Like most have said it is best to stay away from ZFS deduplication. Especially if your data set is media the chances of an entire ZFS block being the same as any other is small unless you somehow have multiple copies of the same content.

Imagine two mp3s with the exact same music content but with slightly different artist metadata. A single bit longer or shorter at the beginning of the file and even if the file spans multiple blocks ZFS won’t be able to duplicate a single byte. A single bit offsetting the rest of the file just a little is enough to throw off the block checksums across every block in the file.

To contrast with ZFS, enterprise backup/NAS appliances with deduplication usually do a lot more than block level checks. They usually check for data with sliding window sizes/offsets to find more duplicate data.
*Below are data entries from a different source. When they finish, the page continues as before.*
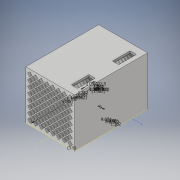
# Autodesk Inventor part: Double Holder V1
Saved by Autodesk Inventor 2019 (Build 230136000, 136)
## iProperties
Created: 2018-11-20
Part Number: Double Holder V1
Material: Generic
Document SubType Name: Modeling
Designer: Ashley
Density: 1 g/cm^3
Appearance: Default
Author: Ashley
Autodesk Inventor part; units mm, degrees
(part 1 of 2)
ref_plane "YZ Plane" through (0, 0, 0) normal (1, 0, 0) x (0, 1, 0)
ref_plane "XZ Plane" through (0, 0, 0) normal (0, 1, 0) x (-1, 0, 0)
ref_plane "XY Plane" through (0, 0, 0) normal (0, 0, 1) x (1, 0, 0)
sketch "Main Body Sketch" plane through (0, 0, 0) normal (0, 1, 0) x (-1, 0, 0)
  line L0 (-38.5, 7.5) -> (38.5, 7.5)
  line L1 (38.5, 7.5) -> (38.5, 57.5)
  line L2 (38.5, 57.5) -> (-38.5, 57.5)
  line L3 (-38.5, 57.5) -> (-38.5, 7.5)
  line L4 (0, 222.8068) -> (0, -187.3036) construction
  line L5 (63.0186, 0) -> (-52.8672, 0) construction
  line L6 (-38.5, -7.5) -> (38.5, -7.5)
  line L7 (38.5, -7.5) -> (38.5, -57.5)
  line L8 (38.5, -57.5) -> (-38.5, -57.5)
  line L9 (-38.5, -57.5) -> (-38.5, -7.5)
  line L10 (0, -222.8068) -> (0, 187.3036) construction
  point P0 (0, 0)
  dimension "d2" = 50
  dimension "d3" = 77
  dimension "d4" = 38.5
  dimension "d5" = 38.5
  dimension "d6" = 7.5
  constraints: 22 end point, 6 symmetric about line, 3 horizontal, 2 parallel, 2 vertical, 1 perpendicular
  measures "d2" distance of L0.end L1.end
  measures "d3" distance of L1.end L2.end
  measures "d4" distance between parallel lines of L4 L1
  measures "d5" distance between parallel lines of L3 L4
  measures "d6" distance between parallel lines of L5 L0
extrude "Main Body Extrusion" add sketch "Main Body Sketch" along normal blind 77
sketch "Main Compartments Sketch" plane through (-38.5, 0, 7.5) normal (-1, 0, 0) x (0, 0, 1)
  line L0 (0, 0) -> (50, 0) construction
  line L1 (-61.5, 3.5) -> (-18.5, 3.5)
  line L2 (-18.5, 3.5) -> (-18.5, 73.5)
  line L3 (-18.5, 73.5) -> (-61.5, 73.5)
  line L4 (-61.5, 73.5) -> (-61.5, 3.5)
  line L5 (-65, 77) -> (-15, 77) construction
  line L6 (-15, 0) -> (-65, 0) construction
  line L7 (-65, 0) -> (-65, 77) construction
  line L8 (-15, 0) -> (-15, 77) construction
  line L9 (-7.5, -40.8537) -> (-7.5, 113.2873) construction
  line L10 (46.5, 3.5) -> (3.5, 3.5)
  line L11 (3.5, 3.5) -> (3.5, 73.5)
  line L12 (3.5, 73.5) -> (46.5, 73.5)
  line L13 (46.5, 73.5) -> (46.5, 3.5)
  line L14 (50, 77) -> (0, 77) construction
  line L15 (0, 0) -> (50, 0) construction
  line L16 (50, 0) -> (50, 77) construction
  line L17 (0, 0) -> (0, 77) construction
  point P0 (-7.5, 0)
  dimension "d10" = 70
  dimension "d11" = 3.5
  dimension "d12" = 3.5
  dimension "d13" = 43
  dimension "d14" = 3.5
  dimension "d15" = 3.5
  dimension "d16" = 3.5
  dimension "d17" = 3.5
  constraints: 26 end point, 4 symmetric about line, 2 parallel, 2 vertical, 1 horizontal, 1 perpendicular
  measures "d10" distance of L3.end L1.start
  measures "d11" distance between parallel lines of L5 L3
  measures "d12" distance between parallel lines of L6 L1
  measures "d13" distance between parallel lines of L2 L4
  measures "d14" distance between parallel lines of L7 L4
  measures "d15" distance between parallel lines of L8 L2
  measures "d16" distance between parallel lines of L17 L11
  measures "d17" distance between parallel lines of L0 L10
extrude "Main Compartments Extrusion" cut sketch "Main Compartments Sketch" against normal blind 73.5
sketch "Tape Measure Hole Sketch" plane through (0, 77, 0) normal (0, 1, 0) x (1, 0, 0)
  line L0 (38.5, -57.5) -> (38.5, 57.5) construction
  line L1 (22, -46.5) -> (32, -46.5)
  line L2 (32, -46.5) -> (32, -18.5)
  line L3 (32, -18.5) -> (22, -18.5)
  line L4 (22, -18.5) -> (22, -46.5)
  line L5 (-52.0293, 0) -> (49.471, 0) construction
  line L6 (-38.5, -11) -> (35, -11) construction
  line L7 (4.7749, -11) -> (35, -11) construction
  line L8 (-38.5, -54) -> (35, -54) construction
  line L9 (22, 46.5) -> (32, 46.5)
  line L10 (32, 46.5) -> (32, 18.5)
  line L11 (32, 18.5) -> (22, 18.5)
  line L12 (22, 18.5) -> (22, 46.5)
  line L13 (-38.5, -54) -> (35, -54) construction
  line L14 (35, -54) -> (35, -11) construction
  point P0 (0, 0)
  dimension "d26" = 10
  dimension "d27" = 6.5
  dimension "d28" = 28
  dimension "d32" = 11
  dimension "d33" = 43
  dimension "d34" = 7.5
  dimension "d35" = 7.5
  dimension "d38" = 3.5
  dimension "d39" = 3
  constraints: 22 end point, 4 horizontal, 4 symmetric about line, 3 parallel, 1 collinear, 1 perpendicular, 1 point on line, 1 vertical
  measures "d26" distance of L2.end L3.end
  measures "d27" distance between parallel lines of L0 L2
  measures "d28" distance of L3.end L1.start
  measures "d32" distance between parallel lines of L5 L6
  measures "d33" distance between parallel lines of L6 L8
  measures "d34" distance between parallel lines of L8 L1
  measures "d35" distance between parallel lines of L3 L7
  measures "d38" distance between parallel lines of L0 L14
  measures "d39" distance between parallel lines of L14 L2
extrude "Tape Measure Holes Cut" cut sketch "Tape Measure Hole Sketch" against normal up to surface (3.5 mm away)
fillet "Tape Measure Holes Softening" radius 1 8 edges at (22, 75.25, 46.5) (32, 75.25, 46.5) (22, 75.25, 18.5) (32, 75.25, 18.5) (32, 75.25, -46.5) (22, 75.25, -46.5) (22, 75.25, -18.5) (32, 75.25, -18.5)
sketch "Center Sketch" plane through (38.5, 0, 7.5) normal (0, 0, -1) x (-1, 0, 0)
  line L0 (77, 77) -> (0, 77)
  line L1 (0, 77) -> (0, 0)
  line L2 (0, 0) -> (77, 0)
  line L3 (77, 0) -> (77, 77)
  point P0 (38.5, 0)
  constraints: 8 end point, 2 parallel, 1 horizontal, 1 perpendicular
extrude "Center Extrusion" add sketch "Center Sketch" along normal up to surface (15 mm away)
sketch "Swiss Holes Sketch" plane through (38.5, 0, -57.5) normal (0, 0, -1) x (-1, 0, 0)
  line L0 (0, 77) -> (77, 77) construction
  line L1 (77, 73.5) -> (3.5, 73.5) construction
  line L2 (3.5, 73.5) -> (3.5, 3.5) construction
  line L3 (77, 73.5) -> (3.5, 73.5) construction
  line L4 (3.5, 73.5) -> (3.5, 3.5) construction
  line L5 (3.5, 3.5) -> (77, 3.5) construction
  line L6 (66.9969, 69.9645) -> (70.5325, 73.5)
  line L7 (70.5325, 73.5) -> (74.068, 69.9645)
  line L8 (74.068, 69.9645) -> (70.5325, 66.4289)
  line L9 (70.5325, 66.4289) -> (66.9969, 69.9645)
  line L10 (77, 0) -> (77, 77) construction
  line L11 (61.4615, 66.4289) -> (57.9259, 69.9645)
  line L12 (61.4615, 73.5) -> (64.997, 69.9645)
  line L13 (64.997, 69.9645) -> (61.4615, 66.4289)
  line L14 (67.929, 73.5) -> (-5.571, 73.5) construction
  line L15 (57.9259, 69.9645) -> (61.4615, 73.5)
  line L16 (52.3905, 66.4289) -> (48.8549, 69.9645)
  line L17 (52.3905, 73.5) -> (55.926, 69.9645)
  line L18 (55.926, 69.9645) -> (52.3905, 66.4289)
  line L19 (58.858, 73.5) -> (-14.642, 73.5) construction
  line L20 (48.8549, 69.9645) -> (52.3905, 73.5)
  line L21 (43.3195, 66.4289) -> (39.7839, 69.9645)
  line L22 (43.3195, 73.5) -> (46.855, 69.9645)
  line L23 (46.855, 69.9645) -> (43.3195, 66.4289)
  line L24 (49.787, 73.5) -> (-23.713, 73.5) construction
  line L25 (39.7839, 69.9645) -> (43.3195, 73.5)
  line L26 (34.2485, 66.4289) -> (30.7129, 69.9645)
  line L27 (34.2485, 73.5) -> (37.784, 69.9645)
  line L28 (37.784, 69.9645) -> (34.2485, 66.4289)
  line L29 (40.716, 73.5) -> (-32.784, 73.5) construction
  line L30 (30.7129, 69.9645) -> (34.2485, 73.5)
  line L31 (25.1775, 66.4289) -> (21.6419, 69.9645)
  line L32 (25.1775, 73.5) -> (28.713, 69.9645)
  line L33 (28.713, 69.9645) -> (25.1775, 66.4289)
  line L34 (31.645, 73.5) -> (-41.855, 73.5) construction
  line L35 (21.6419, 69.9645) -> (25.1775, 73.5)
  line L36 (16.1065, 66.4289) -> (12.5709, 69.9645)
  line L37 (16.1065, 73.5) -> (19.642, 69.9645)
  line L38 (19.642, 69.9645) -> (16.1065, 66.4289)
  line L39 (22.574, 73.5) -> (-50.926, 73.5) construction
  line L40 (12.5709, 69.9645) -> (16.1065, 73.5)
  line L41 (7.0355, 66.4289) -> (3.4999, 69.9645)
  line L42 (7.0355, 73.5) -> (10.571, 69.9645)
  line L43 (10.571, 69.9645) -> (7.0355, 66.4289)
  line L44 (13.503, 73.5) -> (-59.997, 73.5) construction
  line L45 (3.4999, 69.9645) -> (7.0355, 73.5)
  line L46 (70.5325, 57.4489) -> (66.9969, 60.9845)
  line L47 (70.5325, 64.52) -> (74.068, 60.9845)
  line L48 (74.068, 60.9845) -> (70.5325, 57.4489)
  line L49 (77, 64.52) -> (3.5, 64.52) construction
  line L50 (66.9969, 60.9845) -> (70.5325, 64.52)
  line L51 (61.4615, 57.4489) -> (57.9259, 60.9845)
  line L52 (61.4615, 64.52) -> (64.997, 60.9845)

There are still some use cases where ZFS can help. Like if you were doing multiple full backups of VMs. A VM image has a fixed size so the offset issue above isn’t an issue, but if beware that enabling deduplication for even a single ZFS filesystem affects the entire pool, even ZFS filesystems that have deduplication disabed. The deduplication table is global for the pool and once you have turned it on you really can’t get rid of it. If you get into a situation where you don’t have enough memory to keep the deduplication table in memory ZFS will grind to a halt and the only way to completely remove deduplication is to copy all of your data to a new ZFS pool.

If you think this feature would still be useful for you, you might want to wait for 2.3 to release (which isn’t too far off) for the new fast dedup feature which fixes or at least prevents a lot of the major issues with ZFS dedup

More info on the fast dedup feature here github.com/openzfs/zfs/discussions/15896

BCsven@lemmy.ca on 10 Jan 02:22 next collapse

Something like fslint might be what you want. Scan folders, lists duplicates, you set how you want to deal with them. Its more manual, but I think it is what you are actually trying to achieve.

Moonrise2473@feddit.it on 10 Jan 08:14 next collapse

Uncompressed Blu-ray rips are almost the same size when compressed with lossless compression. The binary content of h264 files are almost random bits so deduplication is almost a waste of CPU time. Maybe you can save space from the useless repeated media like trailers and other ads in the bluray isos

needanke@feddit.org on 11 Jan 20:17 collapse

Thank you, I didn’t know that, but that was the type of answer I was looking for :D.

I only ripped the relevant media anyways, so no trailers to remove.

ShawiniganHandshake@sh.itjust.works on 11 Jan 15:14 collapse

I worked with dedupe products at a previous job. Media files generally deduplicate poorly.